Lafaille was born in Gap, the Provençal town on the edge of the Alps, where his natural talent as a rock climber, evident from an early age despite his slight stature, quickly developed beyond the relative safety of competition climbs where fixed bolts insure against serious injury. In 1989 he became the first Frenchman to climb unroped a route in the 7c+ grade of difficulty, and is credited with extending this scale of challenge to even higher levels.
His reputation for audacious solo Alpine climbs blossomed in the early 1990s with such routes as “Un Autre Monde” and “Divine Providence” on the Grand Pilier d’Angle, and “L’Ecume des Jours” on the Freney Pillar of Mont Blanc. On the west face of the Petit Dru he left his permanent stamp with the “Lafaille Route”, then reckoned the hardest in the Alps.
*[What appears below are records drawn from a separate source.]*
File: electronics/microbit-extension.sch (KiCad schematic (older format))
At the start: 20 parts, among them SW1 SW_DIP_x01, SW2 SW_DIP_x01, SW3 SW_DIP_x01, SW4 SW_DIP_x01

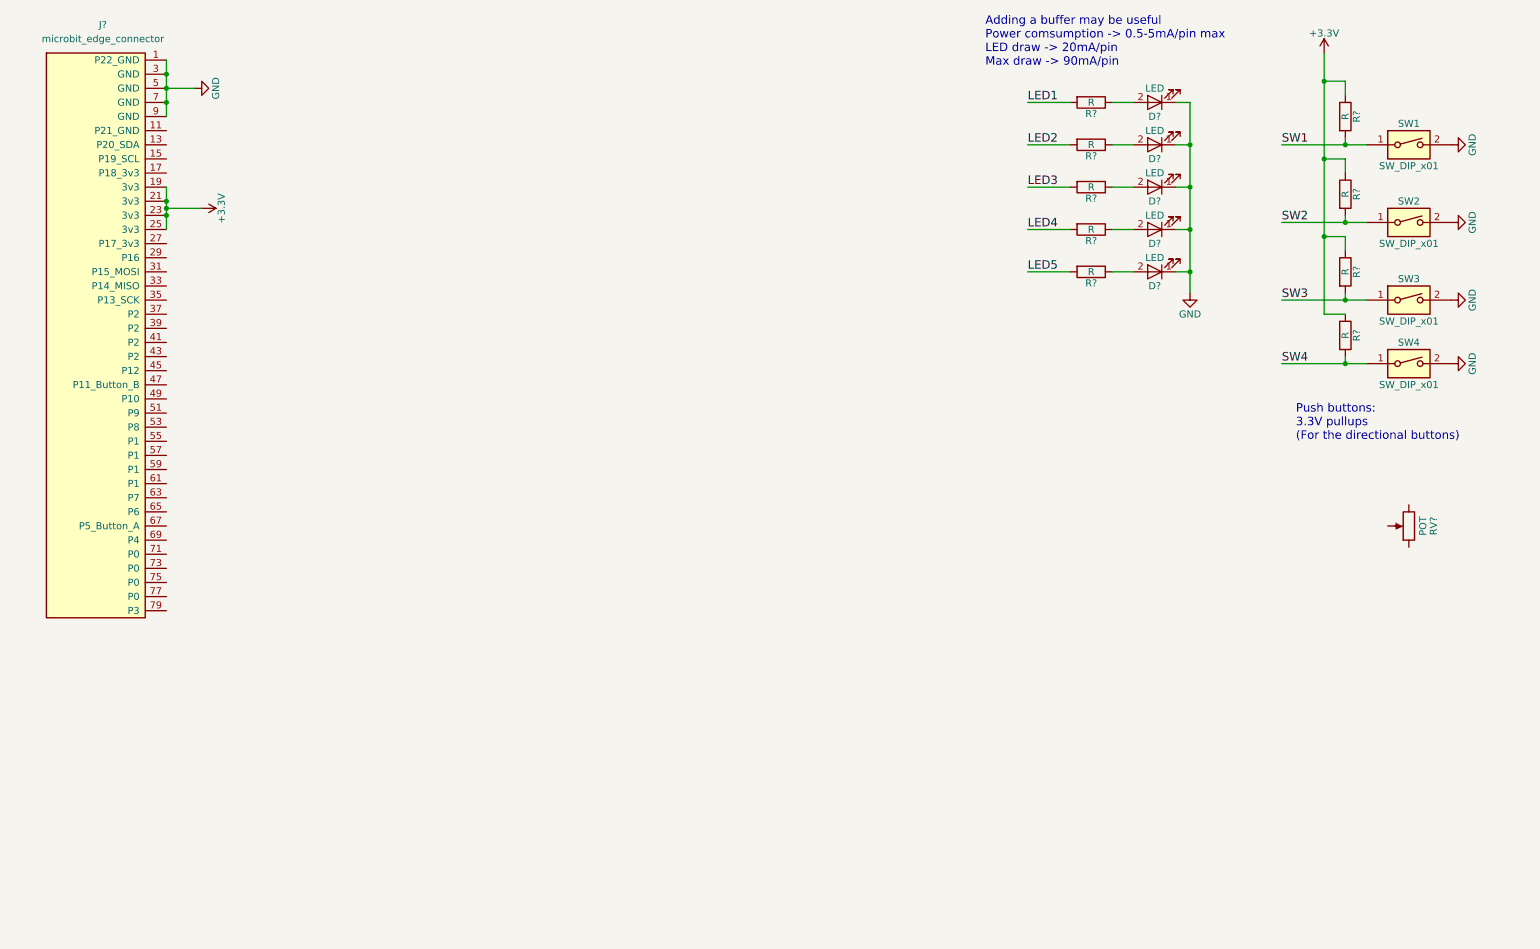
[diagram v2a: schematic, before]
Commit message: added LED buffers
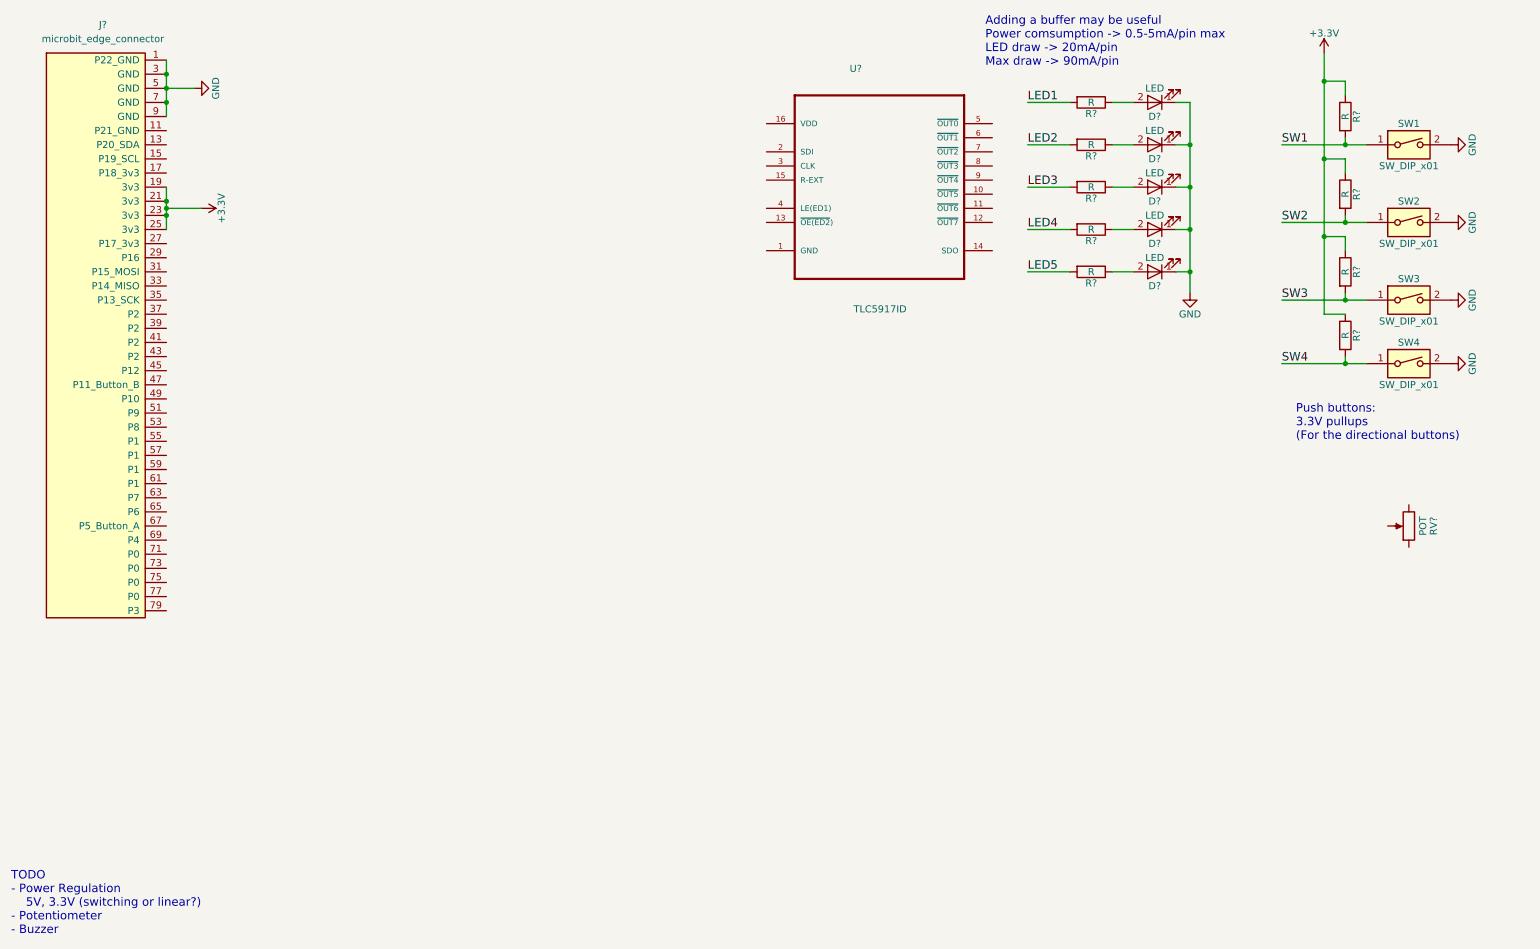
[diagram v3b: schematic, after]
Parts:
- added U?: TLC5917ID, SOIC127P600X175-16N, symbol TLC5917ID
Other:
- note added: "TODO\n- Power Regulation\n 5V, 3.3V (switching or linear?)\n- Potentiometer\n- Buzzer"
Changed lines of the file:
@@
 LIBS:lib_microbit_connector
 LIBS:switches
+LIBS:TLC5917ID
 LIBS:microbit-extension-cache
 EELAYER 25 0
@@
 Text Notes 7600 900  0    60   ~ 0
 Adding a buffer may be useful\nPower comsumption -> 0.5-5mA/pin max\nLED draw -> 20mA/pin\nMax draw -> 90mA/pin\n
+$Comp
+L TLC5917ID U?
+U 1 1 5985BE76
+P 6850 1600
+F 0 "U?" H 6639 2260 50  0000 L BNN
+F 1 "TLC5917ID" H 6667 557 50  0000 L BNN
+F 2 "SOIC127P600X175-16N" H 6850 1600 50  0001 L BNN
+F 3 "1.11 USD" H 6850 1600 50  0001 L BNN
+F 4 "TLC5917IN" H 6850 1600 50  0001 L BNN "MP"
+F 5 "8-Bit Constant-Current LED Sink Driver 16-PDIP -40 to 125" H 6850 1600 50  0001 L BNN "Description"
+F 6 "Good" H 6850 1600 50  0001 L BNN "Availability"
+F 7 "PDIP-16 Texas Instruments" H 6850 1600 50  0001 L BNN "Package"
+F 8 "Texas Instruments" H 6850 1600 50  0001 L BNN "MF"
+	1    6850 1600
+	1    0    0    -1
+$EndComp
+Text Notes 700  7050 0    60   ~ 0
+TODO\n- Power Regulation\n	5V, 3.3V (switching or linear?)\n- Potentiometer\n- Buzzer
 $EndSCHEMATC

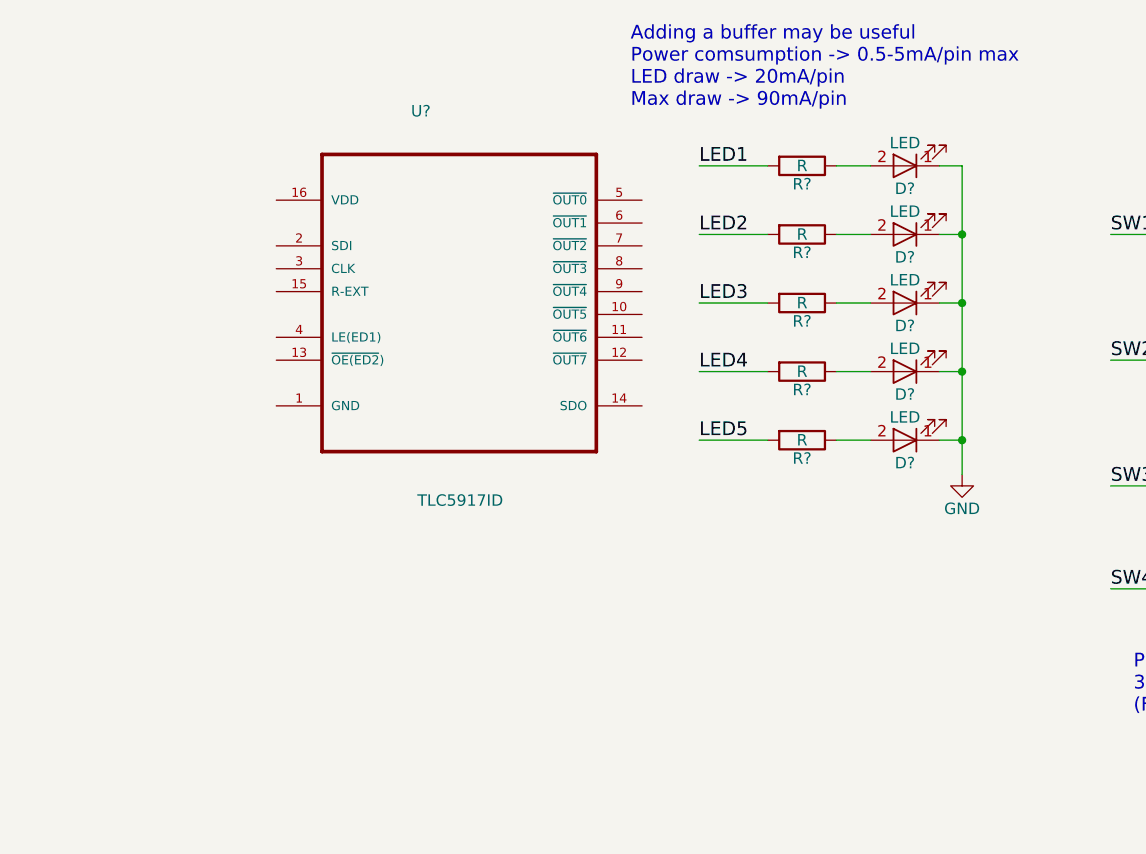
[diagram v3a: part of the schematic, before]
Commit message: added LED driver and RGB LED
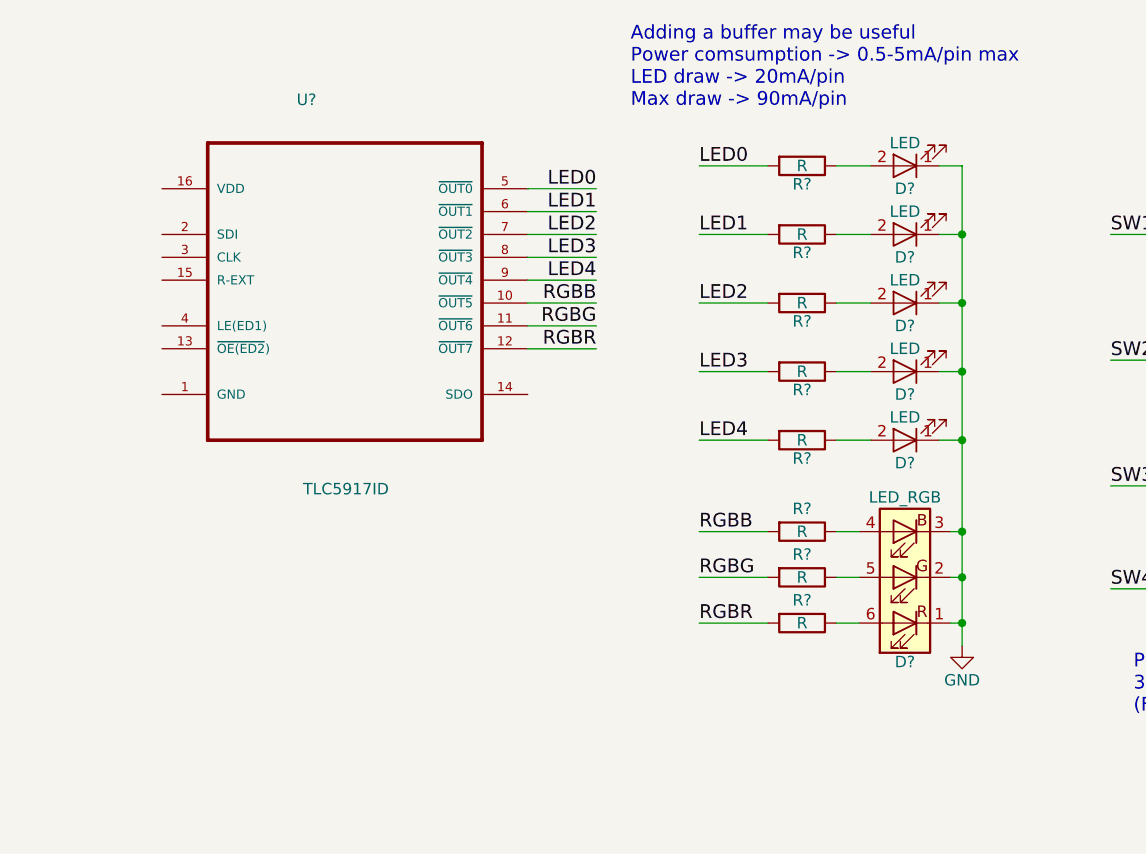
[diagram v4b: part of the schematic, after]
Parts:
- added D?: LED_RGB, symbol LED_RGB
- added R? (x3): R, symbol R
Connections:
- net LED5 is gone; now on net LED4: R?.2
- net GND: now also D?.1 (RK), D?.2 (GK), D?.3 (BK)
- net LED1: now also R?.2, U?.6 (~OUT1); no longer R?.2
- net LED2: now also R?.2, U?.7 (~OUT2); no longer R?.2
- net LED3: now also R?.2, U?.8 (~OUT3); no longer R?.2
- net LED4: now also U?.9 (~OUT4); no longer R?.2
- net RGBB: now reaches U?.10 (~OUT5)
- net RGBB: now also R?.2
- net RGBG: now reaches U?.11 (~OUT6)
- net RGBG: now also R?.2
- net RGBR: now reaches U?.12 (~OUT7)
- net RGBR: now also R?.2
- net LED0: now reaches U?.5 (~OUT0)
- net LED0: now also R?.2
- new net: D?.4 (BA), R?.1
- new net: D?.5 (GA), R?.1
- new net: D?.6 (RA), R?.1
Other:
- moved on the sheet: U?
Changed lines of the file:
@@
 $EndComp
 Text Label 7900 1150 0    60   ~ 0
-LED1
+LED0
 $Comp
 L LED D?
@@
 $EndComp
 Text Label 7900 1750 0    60   ~ 0
-LED3
+LED2
 $Comp
 L LED D?
@@
 $EndComp
 Text Label 7900 1450 0    60   ~ 0
-LED2
+LED1
 $Comp
 L LED D?
@@
 $EndComp
 Text Label 7900 2050 0    60   ~ 0
-LED4
+LED3
 $Comp
 L LED D?
@@
 L GND #PWR?
 U 1 1 59859CA3
-P 9050 2500
-F 0 "#PWR?" H 9050 2250 50  0001 C CNN
-F 1 "GND" H 9050 2350 50  0000 C CNN
-F 2 "" H 9050 2500 50  0001 C CNN
-F 3 "" H 9050 2500 50  0001 C CNN
-	1    9050 2500
+P 9050 3250
+F 0 "#PWR?" H 9050 3000 50  0001 C CNN
+F 1 "GND" H 9050 3100 50  0000 C CNN
+F 2 "" H 9050 3250 50  0001 C CNN
+F 3 "" H 9050 3250 50  0001 C CNN
+	1    9050 3250
 	1    0    0    -1
 $EndComp
 Text Label 7900 2350 0    60   ~ 0
-LED5
+LED4
 $Comp
 L +3.3V #PWR?
@@
 	7900 2350 8200 2350
 Wire Wire Line
-	9050 1150 9050 2500
+	9050 1150 9050 3250
 Connection ~ 9050 1450
 Connection ~ 9050 1750
@@
 L TLC5917ID U?
 U 1 1 5985BE76
-P 6850 1600
-F 0 "U?" H 6639 2260 50  0000 L BNN
-F 1 "TLC5917ID" H 6667 557 50  0000 L BNN
-F 2 "SOIC127P600X175-16N" H 6850 1600 50  0001 L BNN
-F 3 "1.11 USD" H 6850 1600 50  0001 L BNN
-F 4 "TLC5917IN" H 6850 1600 50  0001 L BNN "MP"
-F 5 "8-Bit Constant-Current LED Sink Driver 16-PDIP -40 to 125" H 6850 1600 50  0001 L BNN "Description"
-F 6 "Good" H 6850 1600 50  0001 L BNN "Availability"
-F 7 "PDIP-16 Texas Instruments" H 6850 1600 50  0001 L BNN "Package"
-F 8 "Texas Instruments" H 6850 1600 50  0001 L BNN "MF"
-	1    6850 1600
+P 6350 1550
+F 0 "U?" H 6139 2210 50  0000 L BNN
+F 1 "TLC5917ID" H 6167 507 50  0000 L BNN
+F 2 "SOIC127P600X175-16N" H 6350 1550 50  0001 L BNN
+F 3 "1.11 USD" H 6350 1550 50  0001 L BNN
+F 4 "TLC5917IN" H 6350 1550 50  0001 L BNN "MP"
+F 5 "8-Bit Constant-Current LED Sink Driver 16-PDIP -40 to 125" H 6350 1550 50  0001 L BNN "Description"
+F 6 "Good" H 6350 1550 50  0001 L BNN "Availability"
+F 7 "PDIP-16 Texas Instruments" H 6350 1550 50  0001 L BNN "Package"
+F 8 "Texas Instruments" H 6350 1550 50  0001 L BNN "MF"
+	1    6350 1550
 	1    0    0    -1
 $EndComp
 Text Notes 700  7050 0    60   ~ 0
 TODO\n- Power Regulation\n	5V, 3.3V (switching or linear?)\n- Potentiometer\n- Buzzer
+Text Label 7450 1250 2    60   ~ 0
+LED0
+Text Label 7450 1350 2    60   ~ 0
+LED1
+Text Label 7450 1450 2    60   ~ 0
+LED2
+Text Label 7450 1550 2    60   ~ 0
+LED3
+Text Label 7450 1650 2    60   ~ 0
+LED4
+Wire Wire Line
+	7150 1250 7450 1250
+Wire Wire Line
+	7150 1350 7450 1350
+Wire Wire Line
+	7150 1450 7450 1450
+Wire Wire Line
+	7150 1550 7450 1550
+Wire Wire Line
+	7150 1650 7450 1650
+$Comp
+L LED_RGB D?
+U 1 1 598674A3
+P 8800 2950
+F 0 "D?" H 8800 3320 50  0000 C CNN
+F 1 "LED_RGB" H 8800 2600 50  0000 C CNN
+F 2 "" H 8800 2900 50  0001 C CNN
+F 3 "" H 8800 2900 50  0001 C CNN
+	1    8800 2950
+	-1   0    0    1
+$EndComp
+Wire Wire Line
+	9000 2750 9050 2750
+Connection ~ 9050 2750
+Wire Wire Line
+	9000 2950 9050 2950
+Connection ~ 9050 2950
+Wire Wire Line
+	9000 3150 9050 3150
+Connection ~ 9050 3150
+$Comp
+L R R?
+U 1 1 598678F8
+P 8350 2750
+F 0 "R?" V 8250 2750 50  0000 C CNN
+F 1 "R" V 8350 2750 50  0000 C CNN
+F 2 "" V 8280 2750 50  0001 C CNN
+F 3 "" H 8350 2750 50  0001 C CNN
+	1    8350 2750
+	0    1    1    0
+$EndComp
+Text Label 7900 2750 0    60   ~ 0
+RGBB
+$Comp
+L R R?
+U 1 1 598678FF
+P 8350 2950
+F 0 "R?" V 8250 2950 50  0000 C CNN
+F 1 "R" V 8350 2950 50  0000 C CNN
+F 2 "" V 8280 2950 50  0001 C CNN
+F 3 "" H 8350 2950 50  0001 C CNN
+	1    8350 2950
+	0    1    1    0
+$EndComp
+Text Label 7900 2950 0    60   ~ 0
+RGBG
+$Comp
+L R R?
+U 1 1 59867906
+P 8350 3150
+F 0 "R?" V 8250 3150 50  0000 C CNN
+F 1 "R" V 8350 3150 50  0000 C CNN
+F 2 "" V 8280 3150 50  0001 C CNN
+F 3 "" H 8350 3150 50  0001 C CNN
+	1    8350 3150
+	0    1    1    0
+$EndComp
+Text Label 7900 3150 0    60   ~ 0
+RGBR
+Wire Wire Line
+	7900 2750 8200 2750
+Wire Wire Line
+	7900 2950 8200 2950
+Wire Wire Line
+	7900 3150 8200 3150
+Wire Wire Line
+	8500 2750 8600 2750
+Wire Wire Line
+	8500 2950 8600 2950
+Wire Wire Line
+	8500 3150 8600 3150
+Wire Wire Line
+	7150 1750 7450 1750
+Wire Wire Line
+	7150 1850 7450 1850
+Wire Wire Line
+	7150 1950 7450 1950
+Text Label 7450 1750 2    60   ~ 0
+RGBB
+Text Label 7450 1850 2    60   ~ 0
+RGBG
+Text Label 7450 1950 2    60   ~ 0
+RGBR
 $EndSCHEMATC

Such achievements placed him among the elite of French climbers, conferring on him celebrity status in France with its attendant possibilities for high earning through sponsorship and television spectaculars. At one point he joined an all-star team of internationally renowned climbers led by the American Ed Viesturs.
In 1996 in the Himalayas he soloed Gasherbrum I and II, both over 8,000m, in four days, and in 2000 he soloed the north face of Manaslu (8,156m). The following year Lafaille added the southeast spur of K2 (8,611m), the world’s second-highest summit. But his reputation for survival against the odds was earned on his first visit to the Himalayas in 1992 on the notorious south face of Annapurna. He was climbing alpine style with Pierre Beghin, another celebrated French mountaineer, and the pair were within 600m of the summit when a sudden severe change in the weather forced them to retreat.
They had little equipment to safeguard their descent, and when an abseil point failed, Beghin fell to his death, leaving Lafaille stranded on the face in a raging storm. Using a 20m length of lightweight line and pitons fashioned from tent poles, he spent five days gingerly descending the sheer south face of Annapurna in one of the most exceptional self-rescues in mountaineering history, the story of which he recounted in Prisonnier de l’Annapurna.
Lafaille’s attempt on Makalu (8,485m) solo and without supplementary oxygen in winter would have been another exceptional first for a climber who believed that the natural space of mountains was a route perhaps to suffering and death but also to wild inner richness.
Such contradictions of joy and horror held within a narrow boundary were, he admitted, irreconcilable, but everything on earth he saw as a balancing act.
Lafaille left his base camp on Makalu on January 24, and the last contact with him was by satellite telephone from his camp at 7,600m two days later. Nothing has been heard from him since.
Two searches of the face by helicopter spotted his tent but found no sign of the climber, and hope that he could have survived has been abandoned.
He is survived by his wife, Katia, and by a son and daughter.
Jean-Christophe Lafaille, mountaineer, was born on March 31, 1965. He died on Makalu, Nepal, circa January 27, 2006, aged 40.